The harder case is Shares in the Portfolio table. Here let’s look at Portfolio5, meaning after Trade5. In plain English, Portfolio5.Shares for a ticker (including Cash) is the most recent value of Position5.Shares for that ticker, where Position5 is the new Position table after Trade5. The Excel formula is this:

=INDEX(SORT(FILTER(Position5, Position5[Ticker]=[@Ticker]),1,-1),1,4)

This is messy. Starting from the innermost expression and working outward, we filter Position5 to extract rows matching the Ticker value for the current row in Portfolio5. That is the meaning of the cryptic [@Ticker] in the filter. Next, to get the most recent one, we sort that filtered table based on the column number (1, the second argument), in descending order (-1, the third argument). Finally, we use Index to extract row 1 of that sorted filtered list (second argument), column 4 (third argument). That’s pretty ugly. Here it is in FEEL:

Position5[item.Ticker=Ticker].Shares[-1]

In this case it’s a clear win for FEEL, and going directly from plain English to FEEL is probably easier than trying to use the Excel formula. Excel would clearly benefit from having a better way to select the last item in a list.
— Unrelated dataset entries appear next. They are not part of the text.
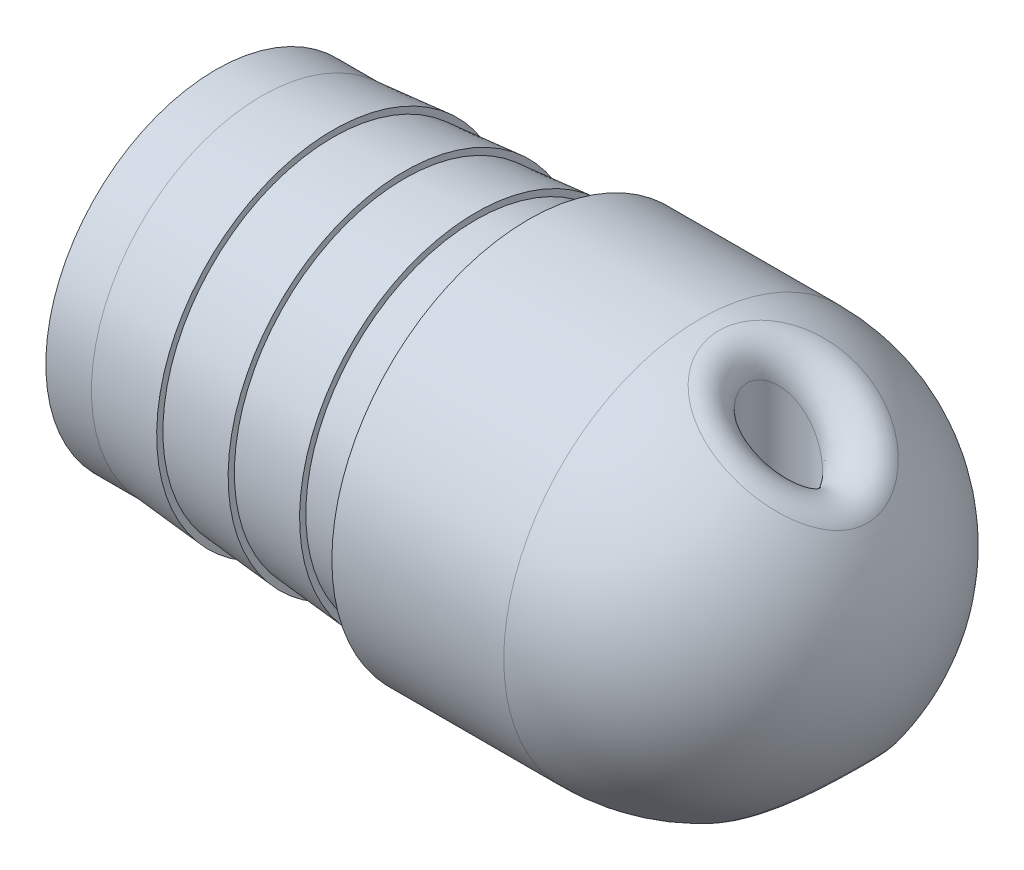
ISO-10303-21;
HEADER;
FILE_DESCRIPTION(('STEP AP214'),'2;1');
FILE_NAME('part.step','',(''),(''),'','','');
FILE_SCHEMA(('AUTOMOTIVE_DESIGN { 1 0 10303 214 1 1 1 1 }'));
ENDSEC;
DATA;
#1=APPLICATION_CONTEXT('core data for automotive mechanical design processes');
#2=APPLICATION_PROTOCOL_DEFINITION('international standard','automotive_design',2000,#1);
#3=PRODUCT_CONTEXT('',#1,'mechanical');
#4=PRODUCT('Part','Part','',(#3));
#5=PRODUCT_RELATED_PRODUCT_CATEGORY('part','',(#4));
#6=PRODUCT_DEFINITION_FORMATION('','',#4);
#7=PRODUCT_DEFINITION_CONTEXT('part definition',#1,'design');
#8=PRODUCT_DEFINITION('design','',#6,#7);
#9=PRODUCT_DEFINITION_SHAPE('','',#8);
#10=(LENGTH_UNIT() NAMED_UNIT(*) SI_UNIT(.MILLI.,.METRE.));
#11=(NAMED_UNIT(*) PLANE_ANGLE_UNIT() SI_UNIT($,.RADIAN.));
#12=(NAMED_UNIT(*) SI_UNIT($,.STERADIAN.) SOLID_ANGLE_UNIT());
#13=UNCERTAINTY_MEASURE_WITH_UNIT(LENGTH_MEASURE(1.E-05),#10,'distance_accuracy_value','');
#14=(GEOMETRIC_REPRESENTATION_CONTEXT(3) GLOBAL_UNCERTAINTY_ASSIGNED_CONTEXT((#13)) GLOBAL_UNIT_ASSIGNED_CONTEXT((#10,
#11,#12)) REPRESENTATION_CONTEXT('',''));
#15=CARTESIAN_POINT('',(0.,0.,0.));
#16=DIRECTION('',(0.,0.,1.));
#17=DIRECTION('',(1.,0.,0.));
#18=AXIS2_PLACEMENT_3D('',#15,#16,#17);
#19=CARTESIAN_POINT('',(-7.60716715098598,0.,0.));
#20=DIRECTION('',(1.,0.,0.));
#21=DIRECTION('',(0.,1.,0.));
#22=AXIS2_PLACEMENT_3D('',#19,#20,#21);
#23=CONICAL_SURFACE('',#22,17.907,0.0872664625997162);
#24=CARTESIAN_POINT('',(-14.8652503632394,0.,0.));
#25=DIRECTION('',(-1.,0.,0.));
#26=DIRECTION('',(0.,-1.,0.));
#27=AXIS2_PLACEMENT_3D('',#24,#25,#26);
#28=CIRCLE('',#27,17.272);
#29=CARTESIAN_POINT('',(-14.8652503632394,-17.272,0.));
#30=VERTEX_POINT('',#29);
#31=EDGE_CURVE('E115',#30,#30,#28,.T.);
#32=ORIENTED_EDGE('',*,*,#31,.F.);
#33=EDGE_LOOP('',(#32));
#34=FACE_BOUND('',#33,.T.);
#35=CARTESIAN_POINT('',(-9.52499999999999,0.,0.));
#36=DIRECTION('',(1.,0.,0.));
#37=DIRECTION('',(0.,1.,0.));
#38=AXIS2_PLACEMENT_3D('',#35,#36,#37);
#39=CIRCLE('',#38,17.7392113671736);
#40=CARTESIAN_POINT('',(-9.525,17.7392113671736,0.));
#41=VERTEX_POINT('',#40);
#42=EDGE_CURVE('E106',#41,#41,#39,.T.);
#43=ORIENTED_EDGE('',*,*,#42,.F.);
#44=EDGE_LOOP('',(#43));
#45=FACE_BOUND('',#44,.T.);
#46=ADVANCED_FACE('F31',(#34,#45),#23,.T.);
#47=CARTESIAN_POINT('',(-41.275,17.272,0.));
#48=DIRECTION('',(1.,0.,0.));
#49=DIRECTION('',(0.,1.,0.));
#50=AXIS2_PLACEMENT_3D('',#47,#48,#49);
#51=PLANE('',#50);
#52=CARTESIAN_POINT('',(-41.275,0.,0.));
#53=DIRECTION('',(-1.,0.,0.));
#54=DIRECTION('',(0.,-1.,0.));
#55=AXIS2_PLACEMENT_3D('',#52,#53,#54);
#56=CIRCLE('',#55,12.6365);
#57=CARTESIAN_POINT('',(-41.275,-12.6365,0.));
#58=VERTEX_POINT('',#57);
#59=EDGE_CURVE('E109',#58,#58,#56,.T.);
#60=ORIENTED_EDGE('',*,*,#59,.F.);
#61=EDGE_LOOP('',(#60));
#62=FACE_BOUND('',#61,.T.);
#63=CARTESIAN_POINT('',(-41.275,0.,0.));
#64=DIRECTION('',(-1.,0.,0.));
#65=DIRECTION('',(0.,-1.,0.));
#66=AXIS2_PLACEMENT_3D('',#63,#64,#65);
#67=CIRCLE('',#66,17.272);
#68=CARTESIAN_POINT('',(-41.275,-17.272,0.));
#69=VERTEX_POINT('',#68);
#70=EDGE_CURVE('E136',#69,#69,#67,.T.);
#71=ORIENTED_EDGE('',*,*,#70,.T.);
#72=EDGE_LOOP('',(#71));
#73=FACE_BOUND('',#72,.T.);
#74=ADVANCED_FACE('F161',(#62,#73),#51,.F.);
#75=CARTESIAN_POINT('',(-41.275,0.,0.));
#76=DIRECTION('',(-1.,0.,0.));
#77=DIRECTION('',(0.,-1.,0.));
#78=AXIS2_PLACEMENT_3D('',#75,#76,#77);
#79=CYLINDRICAL_SURFACE('',#78,12.6365);
#80=CARTESIAN_POINT('',(-9.525,0.,0.));
#81=DIRECTION('',(-1.,0.,0.));
#82=DIRECTION('',(0.,-1.,0.));
#83=AXIS2_PLACEMENT_3D('',#80,#81,#82);
#84=CIRCLE('',#83,12.6365);
#85=CARTESIAN_POINT('',(-9.525,-12.6365,0.));
#86=VERTEX_POINT('',#85);
#87=EDGE_CURVE('E112',#86,#86,#84,.T.);
#88=ORIENTED_EDGE('',*,*,#87,.F.);
#89=EDGE_LOOP('',(#88));
#90=FACE_BOUND('',#89,.T.);
#91=ORIENTED_EDGE('',*,*,#59,.T.);
#92=EDGE_LOOP('',(#91));
#93=FACE_BOUND('',#92,.T.);
#94=ADVANCED_FACE('F167',(#90,#93),#79,.F.);
#95=CARTESIAN_POINT('',(-14.8652503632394,17.907,0.));
#96=DIRECTION('',(-1.,0.,0.));
#97=DIRECTION('',(0.,-1.,0.));
#98=AXIS2_PLACEMENT_3D('',#95,#96,#97);
#99=PLANE('',#98);
#100=CARTESIAN_POINT('',(-14.8652503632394,0.,0.));
#101=DIRECTION('',(-1.,0.,0.));
#102=DIRECTION('',(0.,-1.,0.));
#103=AXIS2_PLACEMENT_3D('',#100,#101,#102);
#104=CIRCLE('',#103,17.907);
#105=CARTESIAN_POINT('',(-14.8652503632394,-17.907,0.));
#106=VERTEX_POINT('',#105);
#107=EDGE_CURVE('E118',#106,#106,#104,.T.);
#108=ORIENTED_EDGE('',*,*,#107,.F.);
#109=EDGE_LOOP('',(#108));
#110=FACE_BOUND('',#109,.T.);
#111=ORIENTED_EDGE('',*,*,#31,.T.);
#112=EDGE_LOOP('',(#111));
#113=FACE_BOUND('',#112,.T.);
#114=ADVANCED_FACE('F173',(#110,#113),#99,.F.);
#115=CARTESIAN_POINT('',(-14.8652503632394,0.,0.));
#116=DIRECTION('',(1.,0.,0.));
#117=DIRECTION('',(0.,1.,0.));
#118=AXIS2_PLACEMENT_3D('',#115,#116,#117);
#119=CONICAL_SURFACE('',#118,17.907,0.0872664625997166);
#120=CARTESIAN_POINT('',(-22.1233335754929,0.,0.));
#121=DIRECTION('',(-1.,0.,0.));
#122=DIRECTION('',(0.,-1.,0.));
#123=AXIS2_PLACEMENT_3D('',#120,#121,#122);
#124=CIRCLE('',#123,17.272);
#125=CARTESIAN_POINT('',(-22.1233335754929,-17.272,0.));
#126=VERTEX_POINT('',#125);
#127=EDGE_CURVE('E121',#126,#126,#124,.T.);
#128=ORIENTED_EDGE('',*,*,#127,.F.);
#129=EDGE_LOOP('',(#128));
#130=FACE_BOUND('',#129,.T.);
#131=ORIENTED_EDGE('',*,*,#107,.T.);
#132=EDGE_LOOP('',(#131));
#133=FACE_BOUND('',#132,.T.);
#134=ADVANCED_FACE('F180',(#130,#133),#119,.T.);
#135=CARTESIAN_POINT('',(-22.1233335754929,17.907,0.));
#136=DIRECTION('',(-1.,0.,0.));
#137=DIRECTION('',(0.,-1.,0.));
#138=AXIS2_PLACEMENT_3D('',#135,#136,#137);
#139=PLANE('',#138);
#140=CARTESIAN_POINT('',(-22.1233335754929,0.,0.));
#141=DIRECTION('',(-1.,0.,0.));
#142=DIRECTION('',(0.,-1.,0.));
#143=AXIS2_PLACEMENT_3D('',#140,#141,#142);
#144=CIRCLE('',#143,17.907);
#145=CARTESIAN_POINT('',(-22.1233335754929,-17.907,0.));
#146=VERTEX_POINT('',#145);
#147=EDGE_CURVE('E124',#146,#146,#144,.T.);
#148=ORIENTED_EDGE('',*,*,#147,.F.);
#149=EDGE_LOOP('',(#148));
#150=FACE_BOUND('',#149,.T.);
#151=ORIENTED_EDGE('',*,*,#127,.T.);
#152=EDGE_LOOP('',(#151));
#153=FACE_BOUND('',#152,.T.);
#154=ADVANCED_FACE('F204',(#150,#153),#139,.F.);
#155=CARTESIAN_POINT('',(-22.1233335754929,0.,0.));
#156=DIRECTION('',(1.,0.,0.));
#157=DIRECTION('',(0.,1.,0.));
#158=AXIS2_PLACEMENT_3D('',#155,#156,#157);
#159=CONICAL_SURFACE('',#158,17.907,0.0872664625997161);
#160=CARTESIAN_POINT('',(-29.3814167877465,0.,0.));
#161=DIRECTION('',(-1.,0.,0.));
#162=DIRECTION('',(0.,-1.,0.));
#163=AXIS2_PLACEMENT_3D('',#160,#161,#162);
#164=CIRCLE('',#163,17.272);
#165=CARTESIAN_POINT('',(-29.3814167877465,-17.272,0.));
#166=VERTEX_POINT('',#165);
#167=EDGE_CURVE('E127',#166,#166,#164,.T.);
#168=ORIENTED_EDGE('',*,*,#167,.F.);
#169=EDGE_LOOP('',(#168));
#170=FACE_BOUND('',#169,.T.);
#171=ORIENTED_EDGE('',*,*,#147,.T.);
#172=EDGE_LOOP('',(#171));
#173=FACE_BOUND('',#172,.T.);
#174=ADVANCED_FACE('F198',(#170,#173),#159,.T.);
#175=CARTESIAN_POINT('',(-29.3814167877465,17.907,0.));
#176=DIRECTION('',(-1.,0.,0.));
#177=DIRECTION('',(0.,-1.,0.));
#178=AXIS2_PLACEMENT_3D('',#175,#176,#177);
#179=PLANE('',#178);
#180=CARTESIAN_POINT('',(-29.3814167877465,0.,0.));
#181=DIRECTION('',(-1.,0.,0.));
#182=DIRECTION('',(0.,-1.,0.));
#183=AXIS2_PLACEMENT_3D('',#180,#181,#182);
#184=CIRCLE('',#183,17.907);
#185=CARTESIAN_POINT('',(-29.3814167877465,-17.907,0.));
#186=VERTEX_POINT('',#185);
#187=EDGE_CURVE('E130',#186,#186,#184,.T.);
#188=ORIENTED_EDGE('',*,*,#187,.F.);
#189=EDGE_LOOP('',(#188));
#190=FACE_BOUND('',#189,.T.);
#191=ORIENTED_EDGE('',*,*,#167,.T.);
#192=EDGE_LOOP('',(#191));
#193=FACE_BOUND('',#192,.T.);
#194=ADVANCED_FACE('F192',(#190,#193),#179,.F.);
#195=CARTESIAN_POINT('',(-29.3814167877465,0.,0.));
#196=DIRECTION('',(1.,0.,0.));
#197=DIRECTION('',(0.,1.,0.));
#198=AXIS2_PLACEMENT_3D('',#195,#196,#197);
#199=CONICAL_SURFACE('',#198,17.907,0.0872664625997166);
#200=CARTESIAN_POINT('',(-36.6395,0.,0.));
#201=DIRECTION('',(-1.,0.,0.));
#202=DIRECTION('',(0.,-1.,0.));
#203=AXIS2_PLACEMENT_3D('',#200,#201,#202);
#204=CIRCLE('',#203,17.272);
#205=CARTESIAN_POINT('',(-36.6395,-17.272,0.));
#206=VERTEX_POINT('',#205);
#207=EDGE_CURVE('E133',#206,#206,#204,.T.);
#208=ORIENTED_EDGE('',*,*,#207,.F.);
#209=EDGE_LOOP('',(#208));
#210=FACE_BOUND('',#209,.T.);
#211=ORIENTED_EDGE('',*,*,#187,.T.);
#212=EDGE_LOOP('',(#211));
#213=FACE_BOUND('',#212,.T.);
#214=ADVANCED_FACE('F157',(#210,#213),#199,.T.);
#215=CARTESIAN_POINT('',(-41.275,0.,0.));
#216=DIRECTION('',(-1.,0.,0.));
#217=DIRECTION('',(0.,-1.,0.));
#218=AXIS2_PLACEMENT_3D('',#215,#216,#217);
#219=CYLINDRICAL_SURFACE('',#218,17.272);
#220=ORIENTED_EDGE('',*,*,#70,.F.);
#221=EDGE_LOOP('',(#220));
#222=FACE_BOUND('',#221,.T.);
#223=ORIENTED_EDGE('',*,*,#207,.T.);
#224=EDGE_LOOP('',(#223));
#225=FACE_BOUND('',#224,.T.);
#226=ADVANCED_FACE('F150',(#222,#225),#219,.T.);
#227=CARTESIAN_POINT('',(0.,0.,0.));
#228=DIRECTION('',(-1.,0.,0.));
#229=DIRECTION('',(0.,-1.,0.));
#230=AXIS2_PLACEMENT_3D('',#227,#228,#229);
#231=CYLINDRICAL_SURFACE('',#230,19.9644);
#232=CARTESIAN_POINT('',(-9.52499999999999,0.,0.));
#233=DIRECTION('',(1.,0.,0.));
#234=DIRECTION('',(0.,1.,0.));
#235=AXIS2_PLACEMENT_3D('',#232,#233,#234);
#236=CIRCLE('',#235,19.9644);
#237=CARTESIAN_POINT('',(-9.525,19.9644,0.));
#238=VERTEX_POINT('',#237);
#239=EDGE_CURVE('E139',#238,#238,#236,.T.);
#240=ORIENTED_EDGE('',*,*,#239,.T.);
#241=EDGE_LOOP('',(#240));
#242=FACE_BOUND('',#241,.T.);
#243=CARTESIAN_POINT('',(7.9375,0.,0.));
#244=DIRECTION('',(-1.,0.,0.));
#245=DIRECTION('',(0.,0.,1.));
#246=AXIS2_PLACEMENT_3D('',#243,#244,#245);
#247=CIRCLE('',#246,19.9644);
#248=CARTESIAN_POINT('',(7.9375,0.,19.9644));
#249=VERTEX_POINT('',#248);
#250=EDGE_CURVE('E142',#249,#249,#247,.T.);
#251=ORIENTED_EDGE('',*,*,#250,.T.);
#252=EDGE_LOOP('',(#251));
#253=FACE_BOUND('',#252,.T.);
#254=ADVANCED_FACE('F146',(#242,#253),#231,.T.);
#255=CARTESIAN_POINT('',(-9.52499999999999,0.,0.));
#256=DIRECTION('',(1.,0.,0.));
#257=DIRECTION('',(0.,1.,0.));
#258=AXIS2_PLACEMENT_3D('',#255,#256,#257);
#259=PLANE('',#258);
#260=ORIENTED_EDGE('',*,*,#239,.F.);
#261=EDGE_LOOP('',(#260));
#262=FACE_BOUND('',#261,.T.);
#263=ORIENTED_EDGE('',*,*,#42,.T.);
#264=EDGE_LOOP('',(#263));
#265=FACE_BOUND('',#264,.T.);
#266=ADVANCED_FACE('F149',(#262,#265),#259,.F.);
#267=ORIENTED_EDGE('',*,*,#87,.T.);
#268=EDGE_LOOP('',(#267));
#269=FACE_BOUND('',#268,.T.);
#270=ADVANCED_FACE('F73',(#269),#259,.F.);
#271=CARTESIAN_POINT('',(7.9375,0.,0.));
#272=DIRECTION('',(-1.,0.,0.));
#273=DIRECTION('',(0.,0.,1.));
#274=AXIS2_PLACEMENT_3D('',#271,#272,#273);
#275=SPHERICAL_SURFACE('',#274,19.9644);
#276=CARTESIAN_POINT('',(15.0762018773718,-14.2800345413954,-3.07287268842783));
#277=CARTESIAN_POINT('',(15.7943396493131,-15.6593119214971,-3.25955373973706));
#278=CARTESIAN_POINT('',(15.918711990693,-16.4987067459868,-4.57596006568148));
#279=CARTESIAN_POINT('',(16.0430843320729,-17.3381015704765,-5.89236639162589));
#280=CARTESIAN_POINT('',(15.4763265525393,-16.9804949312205,-7.30795138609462));
#281=CARTESIAN_POINT('',(14.9752073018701,-14.3923135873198,-3.04662469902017));
#282=CARTESIAN_POINT('',(15.6712676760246,-15.7629366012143,-3.25272117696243));
#283=CARTESIAN_POINT('',(15.7516558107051,-16.6059082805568,-4.55281236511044));
#284=CARTESIAN_POINT('',(15.8326918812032,-17.4484655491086,-5.8529945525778));
#285=CARTESIAN_POINT('',(15.2361397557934,-17.1140067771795,-7.24552802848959));
#286=CARTESIAN_POINT('',(14.8749984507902,-14.5023862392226,-3.01525697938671));
#287=CARTESIAN_POINT('',(15.5475752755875,-15.864999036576,-3.23889176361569));
#288=CARTESIAN_POINT('',(15.5850883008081,-16.7112333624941,-4.52077071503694));
#289=CARTESIAN_POINT('',(15.6232022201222,-17.557093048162,-5.80279921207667));
#290=CARTESIAN_POINT('',(14.997821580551,-17.2448949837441,-7.17092885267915));
#291=CARTESIAN_POINT('',(14.6770372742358,-14.7174856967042,-2.94221337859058));
#292=CARTESIAN_POINT('',(15.3009850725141,-16.0648263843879,-3.19683327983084));
#293=CARTESIAN_POINT('',(15.2546698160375,-16.9174226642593,-4.43864782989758));
#294=CARTESIAN_POINT('',(15.2089479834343,-17.7696483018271,-5.68060967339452));
#295=CARTESIAN_POINT('',(14.5270273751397,-17.5006713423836,-6.99721547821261));
#296=CARTESIAN_POINT('',(14.579283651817,-14.8225151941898,-2.90054307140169));
#297=CARTESIAN_POINT('',(15.178058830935,-16.162629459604,-3.16865949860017));
#298=CARTESIAN_POINT('',(15.0908174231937,-17.0182892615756,-4.38857634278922));
#299=CARTESIAN_POINT('',(15.0041216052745,-17.8736171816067,-5.60869320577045));
#300=CARTESIAN_POINT('',(14.2945482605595,-17.6255626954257,-6.89811453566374));
#301=CARTESIAN_POINT('',(14.3872578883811,-15.0267695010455,-2.80689584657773));
#302=CARTESIAN_POINT('',(14.9346835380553,-16.3531312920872,-3.09768903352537));
#303=CARTESIAN_POINT('',(14.7677996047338,-17.2147413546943,-4.27026776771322));
#304=CARTESIAN_POINT('',(14.6014609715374,-18.076019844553,-5.44304603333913));
#305=CARTESIAN_POINT('',(13.8378697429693,-17.8684430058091,-6.67540131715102));
#306=CARTESIAN_POINT('',(14.292985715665,-15.1259943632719,-2.75491902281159));
#307=CARTESIAN_POINT('',(14.8141985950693,-16.4458688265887,-3.0549336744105));
#308=CARTESIAN_POINT('',(14.6086341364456,-17.310326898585,-4.20203084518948));
#309=CARTESIAN_POINT('',(14.4035575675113,-18.1744952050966,-5.34937021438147));
#310=CARTESIAN_POINT('',(13.6136702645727,-17.9864320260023,-6.55178926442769));
#311=CARTESIAN_POINT('',(14.109081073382,-15.3177889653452,-2.64080550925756));
#312=CARTESIAN_POINT('',(14.5775799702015,-16.6253553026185,-2.9548131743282));
#313=CARTESIAN_POINT('',(14.2971879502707,-17.495318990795,-4.04753886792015));
#314=CARTESIAN_POINT('',(14.0172812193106,-18.3649943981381,-5.1405051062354));
#315=CARTESIAN_POINT('',(13.1763055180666,-18.2144964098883,-6.28040281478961));
#316=CARTESIAN_POINT('',(14.01944566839,-15.4103629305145,-2.57867535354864));
#317=CARTESIAN_POINT('',(14.46140172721,-16.7121481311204,-2.89749090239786));
#318=CARTESIAN_POINT('',(14.1449028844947,-17.5847294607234,-3.96129539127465));
#319=CARTESIAN_POINT('',(13.8288264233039,-18.4570651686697,-5.02537161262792));
#320=CARTESIAN_POINT('',(12.9631332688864,-18.3245767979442,-6.13264395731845));
#321=CARTESIAN_POINT('',(13.8552507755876,-15.5785391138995,-2.45169840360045));
#322=CARTESIAN_POINT('',(14.2473431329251,-16.8700089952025,-2.7753645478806));
#323=CARTESIAN_POINT('',(13.8652204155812,-17.7473289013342,-3.78135807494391));
#324=CARTESIAN_POINT('',(13.4834340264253,-18.6244533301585,-4.78756799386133));
#325=CARTESIAN_POINT('',(12.5726425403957,-18.5245563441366,-5.83066549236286));
#326=CARTESIAN_POINT('',(13.7801055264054,-15.6548966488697,-2.38785798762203));
#327=CARTESIAN_POINT('',(14.1488303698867,-16.941774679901,-2.71205761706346));
#328=CARTESIAN_POINT('',(13.7369056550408,-17.8212291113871,-3.68945589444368));
#329=CARTESIAN_POINT('',(13.3252694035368,-18.7005187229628,-4.6670840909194));
#330=CARTESIAN_POINT('',(12.3939309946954,-18.6153536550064,-5.6788392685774));
#331=CARTESIAN_POINT('',(13.6353065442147,-15.8010490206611,-2.25259969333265));
#332=CARTESIAN_POINT('',(13.9581754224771,-17.0792435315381,-2.57436133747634));
#333=CARTESIAN_POINT('',(13.4891579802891,-17.9627906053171,-3.4921108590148));
#334=CARTESIAN_POINT('',(13.0204279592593,-18.8461734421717,-4.41008918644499));
#335=CARTESIAN_POINT('',(12.0495679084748,-18.7891445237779,-5.357165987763));
#336=CARTESIAN_POINT('',(13.5656496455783,-15.8708476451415,-2.18118623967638));
#337=CARTESIAN_POINT('',(13.8659938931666,-17.1449793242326,-2.49998901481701));
#338=CARTESIAN_POINT('',(13.3697199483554,-18.030455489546,-3.38667590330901));
#339=CARTESIAN_POINT('',(12.8736844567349,-18.9157974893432,-4.27359646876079));
#340=CARTESIAN_POINT('',(11.8839088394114,-18.8721425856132,-5.18732945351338));
#341=CARTESIAN_POINT('',(13.4326907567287,-16.0032887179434,-2.03120394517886));
#342=CARTESIAN_POINT('',(13.6893940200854,-17.2697862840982,-2.34072013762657));
#343=CARTESIAN_POINT('',(13.1413523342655,-18.1589334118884,-3.16298824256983));
#344=CARTESIAN_POINT('',(12.5935486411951,-19.0479466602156,-3.9854893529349));
#345=CARTESIAN_POINT('',(11.5677040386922,-19.0296292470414,-4.83063933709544));
#346=CARTESIAN_POINT('',(13.3693858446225,-16.0659344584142,-1.95263842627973));
#347=CARTESIAN_POINT('',(13.6049352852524,-17.3288889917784,-2.25583170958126));
#348=CARTESIAN_POINT('',(13.0324179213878,-18.219749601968,-3.0447414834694));
#349=CARTESIAN_POINT('',(12.4600896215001,-19.1105052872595,-3.83387969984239));
#350=CARTESIAN_POINT('',(11.4171513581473,-19.1041217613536,-4.64379365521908));
#351=CARTESIAN_POINT('',(13.2499652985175,-16.1835056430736,-1.7888776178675));
#352=CARTESIAN_POINT('',(13.4451272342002,-17.4398602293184,-2.07627189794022));
#353=CARTESIAN_POINT('',(12.8266280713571,-18.333949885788,-2.79635667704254));
#354=CARTESIAN_POINT('',(12.2083177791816,-19.2279347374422,-3.51666917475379));
#355=CARTESIAN_POINT('',(11.1331436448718,-19.2439265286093,-4.2543352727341));
#356=CARTESIAN_POINT('',(13.1938486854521,-16.2384321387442,-1.70368323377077));
#357=CARTESIAN_POINT('',(13.3697400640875,-17.491756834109,-1.98159739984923));
#358=CARTESIAN_POINT('',(12.7297709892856,-18.3873349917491,-2.66622025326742));
#359=CARTESIAN_POINT('',(12.0899437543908,-19.2828353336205,-3.35105631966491));
#360=CARTESIAN_POINT('',(10.9996862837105,-19.3092400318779,-4.05172472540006));
#361=CARTESIAN_POINT('',(13.0960206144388,-16.3337726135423,-1.53817264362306));
#362=CARTESIAN_POINT('',(13.2379876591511,-17.5818740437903,-1.79559704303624));
#363=CARTESIAN_POINT('',(12.5607242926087,-18.4800410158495,-2.4119020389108));
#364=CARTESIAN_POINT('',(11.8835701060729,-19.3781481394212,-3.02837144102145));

In the end, would it be advantageous in the training to encourage students to develop generalized Excel formulas before going to FEEL? I’m not sure. The FEEL-haters insist that Excel formulas are MUCH more business-friendly than FEEL, but I have my doubts. Another thing arguing against is the fact that Microsoft’s documentation is not great. Some Power FX functions work only in PowerApps, not in Excel, and some that work in both use different syntax. For example, how do you use the Filter function with multiple conditions? The Power FX documentation says any of the following work:

FILTER(table, condition1, condition2)
FILTER(table, AND(condition1, condition2))
FILTER(table, condition1 And condition2)
FILTER(table, condition1 && condition2)

In Excel, NONE of those work. What works, as shown in the Excel Formula Help, is this:

FILTER(table, (condition1) * (condition2))

I’m debating what to do about generalized Excel formulas, hoping that some reader more experienced in Excel table operations can show me a better way to handle it. If that’s you, please add your comments.